Several cell types communicate with each other through a signaling platform (called synapse) that allows passage of molecules and signals. In particular, B cells form an immune synapse with cells exposing antigens at their surface. Formation of the synapse is critical in order to mechanically extract the antigen and to trigger further antibody production. We hypothesize that the structure of the synapse and the forces generated therein are essential for its mechanical stability in the physiological conditions of the lymph node, whereby the synapse is perturbed by external flows and non-specific cell-cell interactions. We are testing this hypothesis by a combination of in situ, in vitro and in silico approaches. The project aims at a larger comprehension of how tissue mechanics influence biological cell functions.
To understand how the mechanics of the lymph node affect the functions of immune cells, in particular B cells, we propose to (1) measure the mechanical perturbations a cell is subject to in the lymph node, (2) characterize the morphology, mechanics, and functionality of the synapse under perturbing hydrodynamics flow in microfluidic chips, and (3) interpret the results in the frame of an active matter theory.

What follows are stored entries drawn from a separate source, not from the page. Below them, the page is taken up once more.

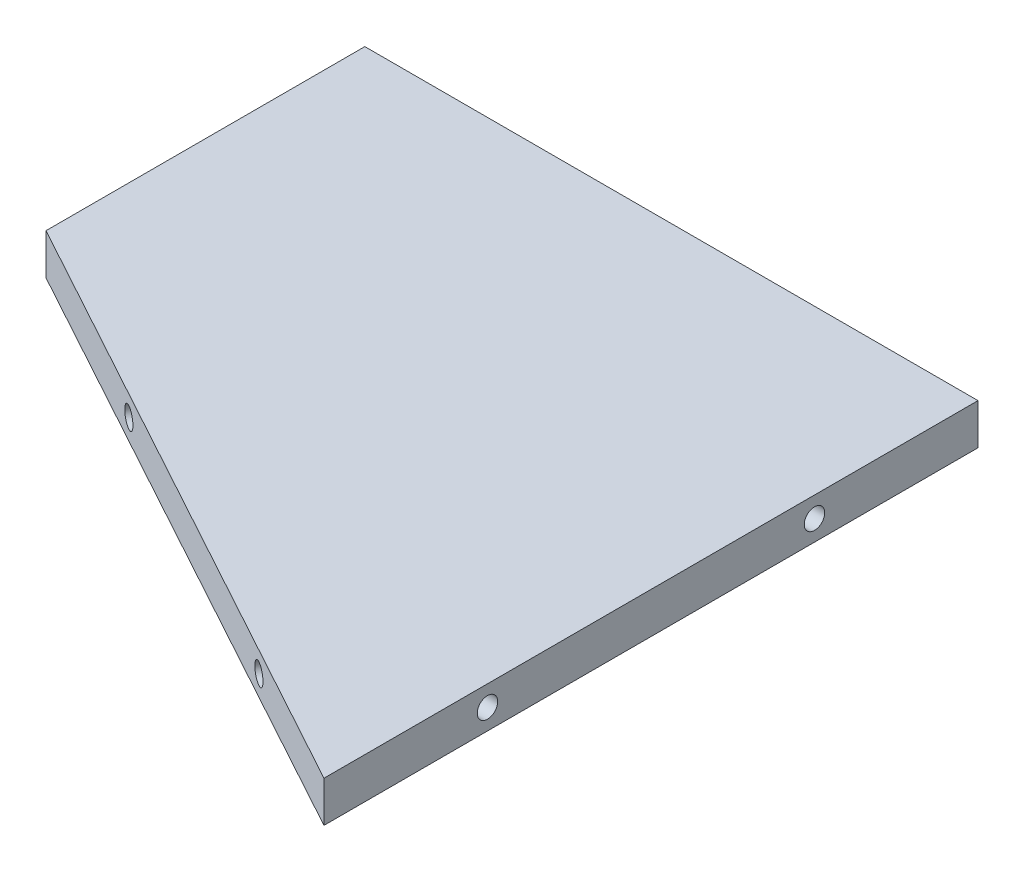
from build123d import *

# Parameters (mm, degrees)
BOSS_EXTRUDE1_DEPTH       = 5
M3X0_5_TAPPED_HOLE1_D     = 2.5
M3X0_5_TAPPED_HOLE1_DEPTH = 7.5
M3X0_5_TAPPED_HOLE1_TIP   = 0.751075774
M3X0_5_TAPPED_HOLE2_D     = 2.5
M3X0_5_TAPPED_HOLE2_DEPTH = 7.5
M3X0_5_TAPPED_HOLE2_TIP   = 0.751075774
M3X0_5_TAPPED_HOLE3_D     = 2.5
M3X0_5_TAPPED_HOLE3_DEPTH = 7.5
M3X0_5_TAPPED_HOLE3_TIP   = 0.751075774
M3X0_5_TAPPED_HOLE4_D     = 2.5
M3X0_5_TAPPED_HOLE4_DEPTH = 7.5
M3X0_5_TAPPED_HOLE4_TIP   = 0.751075774


with BuildPart() as part:
    # Sketch1 → Boss-Extrude1 (new body)
    with BuildSketch(Plane(origin=(0, 0, 0), x_dir=(1, 0, 0), z_dir=(0, 1, 0))):
        Polygon((0, -39), (75, -80), (75, 0), (0, 0), align=None)
    extrude(amount=-BOSS_EXTRUDE1_DEPTH)

    # M3x0.5 Tapped Hole1
    with Locations(Plane(origin=(0, 0, 0), x_dir=(-1, 0, 0), z_dir=(0, 0, -1))):
        with Locations((-15, -2.5), (-60, -2.5)):
            Hole(M3X0_5_TAPPED_HOLE1_D / 2, depth=M3X0_5_TAPPED_HOLE1_DEPTH)
            with Locations((0, 0, -(M3X0_5_TAPPED_HOLE1_DEPTH + M3X0_5_TAPPED_HOLE1_TIP / 2))):  # 118° drill point
                Cone(0, M3X0_5_TAPPED_HOLE1_D / 2, M3X0_5_TAPPED_HOLE1_TIP, mode=Mode.SUBTRACT)

    # M3x0.5 Tapped Hole2
    with Locations(Plane.ZY):
        with Locations((10, -2.5), (25, -2.5)):
            Hole(M3X0_5_TAPPED_HOLE2_D / 2, depth=M3X0_5_TAPPED_HOLE2_DEPTH)
            with Locations((0, 0, -(M3X0_5_TAPPED_HOLE2_DEPTH + M3X0_5_TAPPED_HOLE2_TIP / 2))):  # 118° drill point
                Cone(0, M3X0_5_TAPPED_HOLE2_D / 2, M3X0_5_TAPPED_HOLE2_TIP, mode=Mode.SUBTRACT)

    # M3x0.5 Tapped Hole3
    with Locations(Plane(origin=(75, 0, 0), x_dir=(0, 0, -1), z_dir=(1, 0, 0))):
        with Locations((-20, -2.5), (-60, -2.5)):
            Hole(M3X0_5_TAPPED_HOLE3_D / 2, depth=M3X0_5_TAPPED_HOLE3_DEPTH)
            with Locations((0, 0, -(M3X0_5_TAPPED_HOLE3_DEPTH + M3X0_5_TAPPED_HOLE3_TIP / 2))):  # 118° drill point
                Cone(0, M3X0_5_TAPPED_HOLE3_D / 2, M3X0_5_TAPPED_HOLE3_TIP, mode=Mode.SUBTRACT)

    # M3x0.5 Tapped Hole4
    with Locations(Plane(origin=(-16.414590747, 0, 30.026690391), x_dir=(0.8774480829328538, 0, 0.4796716186699602), z_dir=(-0.4796716186699602, 0, 0.8774480829328538))):
        with Locations((44.182335714, -2.5), (84.182335714, -2.5)):
            Hole(M3X0_5_TAPPED_HOLE4_D / 2, depth=M3X0_5_TAPPED_HOLE4_DEPTH)
            with Locations((0, 0, -(M3X0_5_TAPPED_HOLE4_DEPTH + M3X0_5_TAPPED_HOLE4_TIP / 2))):  # 118° drill point
                Cone(0, M3X0_5_TAPPED_HOLE4_D / 2, M3X0_5_TAPPED_HOLE4_TIP, mode=Mode.SUBTRACT)


solid = part.part

The measure of the mechanic and the mechanical activity of the living tissue are performed through microrheology techniques, that include observing cells and particles in living tissue slices. By using deformable lipid droplets we will estimate the stress the cells undergo and the time scale of their movement and deformations. Tissue slices allow access to the a living systems for hours, and to perturb it mechanically or chemically. We will further estimate the impact at the sub cellular level using in vitro microfluidic approaches to monitor by dynamic imaging the effect of compression and shearing on the cells and simultaneously measure the forces applied by the cells by traction force microscopy.